# What happens if you don't pickup 2nd pax on line ride?



## Docaces (Aug 12, 2015)

With the line rides being paid at lyft rates, I have been accepting more lines. As we all know, this is subsidized by all the 2nd pax that only go a couple miles within the original route. We don't get any benefit from picking up 2nd pax . That being said, I was wondering if any anyone has experience with just ignoring the 2nd pax and proceeding to 1st pax destination.
The problem I see is when the 2nd 2nd pax doesn't cancel, you don't have the ability to "drop off" 1st pax.


----------



## Jamesp1234 (Sep 10, 2016)

Some will cancel when they see you drive past. I've had to do that when the ping/change route happens AFTER the highway exit the system wants me to take was driven past. 

Although I have made a few dollars more on the trips when they "don't show". If the first Pax complains, I remind them they choose the line/pool!

Something new I've been seeing on some Pax on Line is a warning screen when I click arrive telling me to explain to the customer what a shared ride is. I'll get a screenshot if I get it again. Maybe Lyft is trying to get us to correct their stupidity...


----------



## DidIDoThat (Jan 9, 2017)

You should not have picked up the first passenger if you didn't want to pick up the second, third, fourth etc. Once you accept the first passenger on the "Line" you are agreeing to take all the passengers that belong to the Line. Easiest way to avoid this is to not pick up the first one.

If the second passenger is in queue, and you can't drop the first because the second hasn't canceled, your only option is to cancel the second (strike) so you can complete the first.
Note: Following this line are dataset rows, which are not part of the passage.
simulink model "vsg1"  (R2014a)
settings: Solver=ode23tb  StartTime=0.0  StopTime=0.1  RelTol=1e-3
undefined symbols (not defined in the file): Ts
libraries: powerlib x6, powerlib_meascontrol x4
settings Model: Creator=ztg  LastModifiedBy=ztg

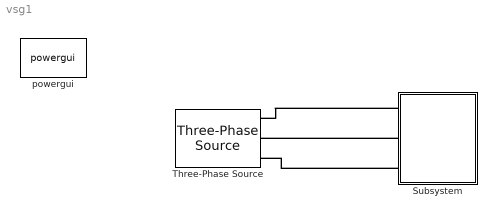
== system vsg1 ==
  Subsystem : Subsystem  mask{K=100, J=1, D=10}
      mask TypeOptions K: K/Gain
      mask TypeOptions J: J/Gain
      mask TypeOptions D: Dp/Gain
  Three-Phase Source : powerlib/Electrical Sources/Three-Phase Source  Voltage=1000*sqrt(2)  PhaseAngle=0  Frequency=50  InternalConnection=Yg  SpecifyImpedance=on  Resistance=0.8929  Inductance=16.58e-3  ShortCircuitLevel=100e6  BaseVoltage=25e3  XRratio=7  BusType=swing  Pref=0  Qref=0  Qmin=-inf  Qmax=inf
  powergui : powerlib/powergui  Priority=1  SimulationMode=Discrete  SolverType=Tustin  SampleTime=5e-5  frequency=60  SPID=off  DisableSnubberDevices=off  DisableRonSwitches=off  DisableVfSwitches=off  SwTol=0  Interpol=off  DisplayEquations=off  Ts=0  methode=off  frequencyindice=50  Pbase=100e6  ErrMax=1e-4  Iterations=50  UnitsV=kV  UnitsW=MW  FunctionMessages=off  echomessages=off  HookPort=off  EnableUseOfTLC=off  x0status=blocks  RestoreLinks=warning  ResistiveCurrentMeasurement=off  Frange=[0:2:500]  Ylog=off  Xlog=on  ShowGrid=off  save=off  variable=ZData  structure=0  ZoomFFT=off  StartTime=0.0  cycles=1  DisplayStyle=1  fundamental=60  FreqAxis=off  MaxFrequency=1000  frequencyindicesteady=1  RmsSteady=1  display=off
  connections:
  Subsystem/LConn1 -- Three-Phase Source/RConn1
  Subsystem/LConn2 -- Three-Phase Source/RConn2
  Subsystem/LConn3 -- Three-Phase Source/RConn3

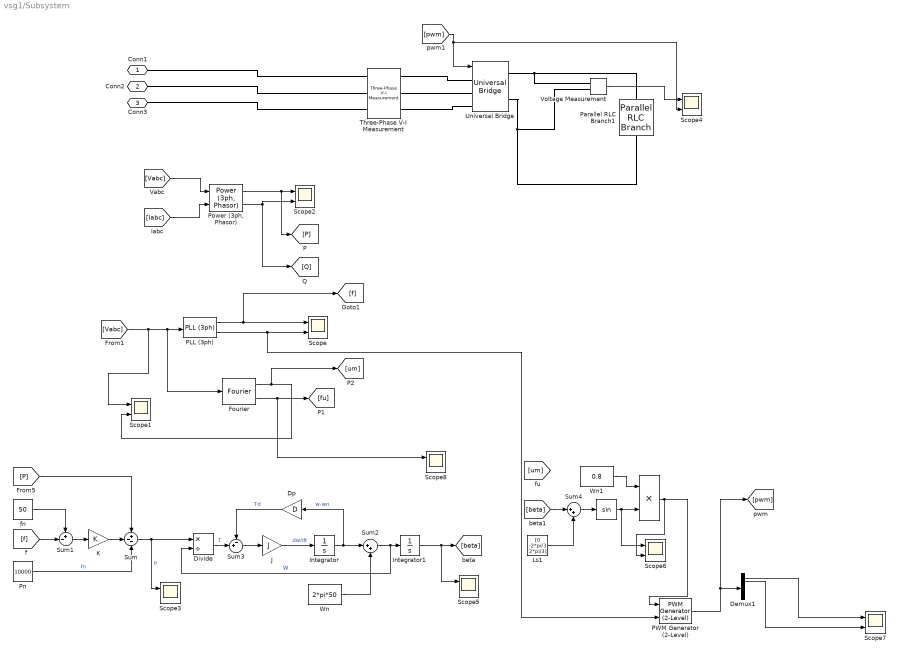
== system vsg1/Subsystem ==
  " " : Trigonometry
  "  " : Product
  Demux1 : Demux  Outputs=6
  Divide : Product  Inputs=*/
  Dp : Gain  Gain=D
  Fourier : powerlib_meascontrol/Measurements/Fourier  Freq=60  n=1  InInit=[0, 0]  Ts=Ts
  Integrator : Integrator
  Integrator1 : Integrator
  J : Gain  Gain=J
  K : Gain  Gain=K
  Ls1 : Constant  Value=[0 -2*pi/3 2*pi/3]
  PLL (3ph) : powerlib_meascontrol/PLL/PLL (3ph)  Fmin=45  Par_Init=[0, 60]  ParK=[180, 3200, 1]  TcD=1e-4  MaxRateChangeFreq=12  FilterCutOffFreq=25  Ts=0  AGC=on
  PWM Generator (2-Level) : powerlib_meascontrol/Pulse & Signal Generators/PWM Generator (2-Level)  ModulatorType=Three-phase bridge (6 pulses)  ModulatorMode=Synchronized  nF=27  Fc=27*50  ModulatingSignals=off  m=0.8  Freq=60  Phase=0  Ts=0
  Parallel RLC Branch1 : powerlib/Elements/Parallel RLC Branch  LConnTagsString=a  RConnTagsString=__new0  BranchType=R  Resistance=100  Inductance=1e-3  SetiL0=off  InitialCurrent=0  Capacitance=1e-6  Setx0=off  InitialVoltage=0  Measurements=None
  Pn : Constant  Value=10000
  "Power (3ph, Phasor)" : powerlib_meascontrol/Measurements/Power (3ph, Phasor)
  Scope{,1..8} (9 alike) : Scope  NumInputPorts=2
      Scope settings: YMin=59.9999~0  YMax=60~6.5
      Scope1 settings: YMin=-1200~0  YMax=1200~65
      Scope2 settings: YMin=0~-1  YMax=70000~1  SaveName=ScopeData2
      Scope3 settings: YMin=450~-1  YMax=1550~1  SaveName=ScopeData3
      Scope4 settings: YMin=-250~0  YMax=4000~1  SaveName=ScopeData4
      Scope5 settings: YMin=94~-1  YMax=113~1  SaveName=ScopeData5
      Scope6 settings: YMin=-1~-0.8  YMax=1~0.8  SaveName=ScopeData6
      Scope7 settings: TimeRange=0.001051620249093166  YMin=-0.5~-1  YMax=1.5~1  SaveName=ScopeData7
      Scope8 settings: YMin=-200~-1  YMax=200~1  SaveName=ScopeData8
  Sum : Sum  Inputs=+--
  Sum1 : Sum  Inputs=+-|
  Sum2 : Sum  Inputs=|++
  Sum3 : Sum  Inputs=-+|
  Sum4 : Sum  Inputs=|++
  Three-Phase V-I Measurement : powerlib/Measurements/Three-Phase V-I Measurement  VoltageMeasurement=phase-to-ground  SetLabelV=on  LabelV=Vabc  Vpu=off  VpuLL=off  CurrentMeasurement=yes  SetLabelI=on  LabelI=Iabc  Ipu=off  Pbase=100e6  Vbase=500e3  OutputType=Complex  PhasorSimulation=off  PSBequivalent=0
  Universal Bridge : powerlib/Power Electronics/Universal Bridge  Arms=3  SnubberResistance=1e5  SnubberCapacitance=inf  Device=IGBT / Diodes  Ron=1e-3  Lon=0  ForwardVoltages="[  0  0  ]"  ForwardVoltage=0  GTOparameters=[ 10e-6 , 20e-6 ]  IGBTparameters=[ 1e-6 , 2e-6 ]  Measurements=None  Measurements_2=None  converterType=Rectifier
  Voltage Measurement : powerlib/Measurements/Voltage Measurement  PhasorSimulation=off  OutputType=Complex  PSBequivalent=0
  Wn : Constant  Value=2*pi*50
  Wn1 : Constant  Value=0.8
  fn : Constant  Value=50
  Conn1 : PMIOPort  Port=1  Side=Left
  Conn2 : PMIOPort  Port=2  Side=Left
  Conn3 : PMIOPort  Port=3  Side=Left
  wires:
  [Vabc] -> Fourier/1, PLL (3ph)/1, Scope1/1
  PLL (3ph)/1 -> [f], Scope/1
  PLL (3ph)/2 -> PWM Generator (2-Level)/2, Scope/2
  Fourier/1 -> [um], Scope1/2
  [Vabc] -> "Power (3ph, Phasor)"/1
  [Iabc] -> "Power (3ph, Phasor)"/2
  "Power (3ph, Phasor)"/1 -> [P], Scope2/1
  "Power (3ph, Phasor)"/2 -> [Q], Scope2/2
  Voltage Measurement/1 -> Scope4/1
  [P] -> Sum/1
  [f] -> Sum1/2
  fn/1 -> Sum1/1
  K/1 -> Sum/2
  Sum1/1 -> K/1
  Pn/1 -> Sum/3  "fn"
  Sum/1 -> Divide/1, Scope3/1  "P"
  J/1 -> Integrator/1  "dw/dt"
  Wn/1 -> Sum2/2
  Dp/1 -> Sum3/1  "Td"
  Divide/1 -> Sum3/2  "T"
  Sum3/1 -> J/1
  Sum2/1 -> Divide/2, Integrator1/1  "W"
  Integrator1/1 -> Scope5/1, [beta]
  [pwm] -> Scope4/2, Universal Bridge/1
  Fourier/2 -> Scope8/1, [fu]
  Sum4/1 -> " "/1
  [beta] -> Sum4/1
  Ls1/1 -> Sum4/2
  " "/1 -> Scope6/1, "  "/2
  Integrator/1 -> Sum2/1, Dp/1  "w-wn"
  "  "/1 -> Scope6/2, PWM Generator (2-Level)/1
  Wn1/1 -> "  "/1
  PWM Generator (2-Level)/1 -> [pwm], Demux1/1
  ? -> ?
  Demux1/1 -> Scope7/1
  Demux1/2 -> Scope7/2
  connections:
  Universal Bridge/RConn1 -- Voltage Measurement/LConn1 -- Parallel RLC Branch1/LConn1
  Universal Bridge/RConn2 -- Voltage Measurement/LConn2 -- Parallel RLC Branch1/RConn1
  Conn1/RConn1 -- Three-Phase V-I Measurement/LConn1
  Conn2/RConn1 -- Three-Phase V-I Measurement/LConn2
  Conn3/RConn1 -- Three-Phase V-I Measurement/LConn3
  Three-Phase V-I Measurement/RConn2 -- Universal Bridge/LConn2
  Three-Phase V-I Measurement/RConn1 -- Universal Bridge/LConn1
  Three-Phase V-I Measurement/RConn3 -- Universal Bridge/LConn3

You are currently getting paid for all miles, minutes for the "Line" and the rates here in FL are the same as regular Lyft. The only hassle is the extra stops, and the issues with indifferent passengers. I try to avoid heavy Line areas, but will take them now from time to time since the rates are the same, and if the first passenger comes with PT, the whole line will have PT (at least that has been my experience).


----------



## RideShareJUNKIE (Jun 23, 2017)

they will cancel eventually and you can finish up your lyft line classic.


----------



## freddieman (Oct 24, 2016)

WARNING!!!! ....Not all will cancel. Then it's like a Jenga pieces that crumbles down. U will not get paid for first rider.


----------



## Chauffeur_James (Dec 12, 2014)

Jamesp1234 said:


> Some will cancel when they see you drive past. I've had to do that when the ping/change route happens AFTER the highway exit the system wants me to take was driven past.
> 
> Although I have made a few dollars more on the trips when they "don't show". If the first Pax complains, I remind them they choose the line/pool!
> 
> Something new I've been seeing on some Pax on Line is a warning screen when I click arrive telling me to explain to the customer what a shared ride is. I'll get a screenshot if I get it again. Maybe Lyft is trying to get us to correct their stupidity...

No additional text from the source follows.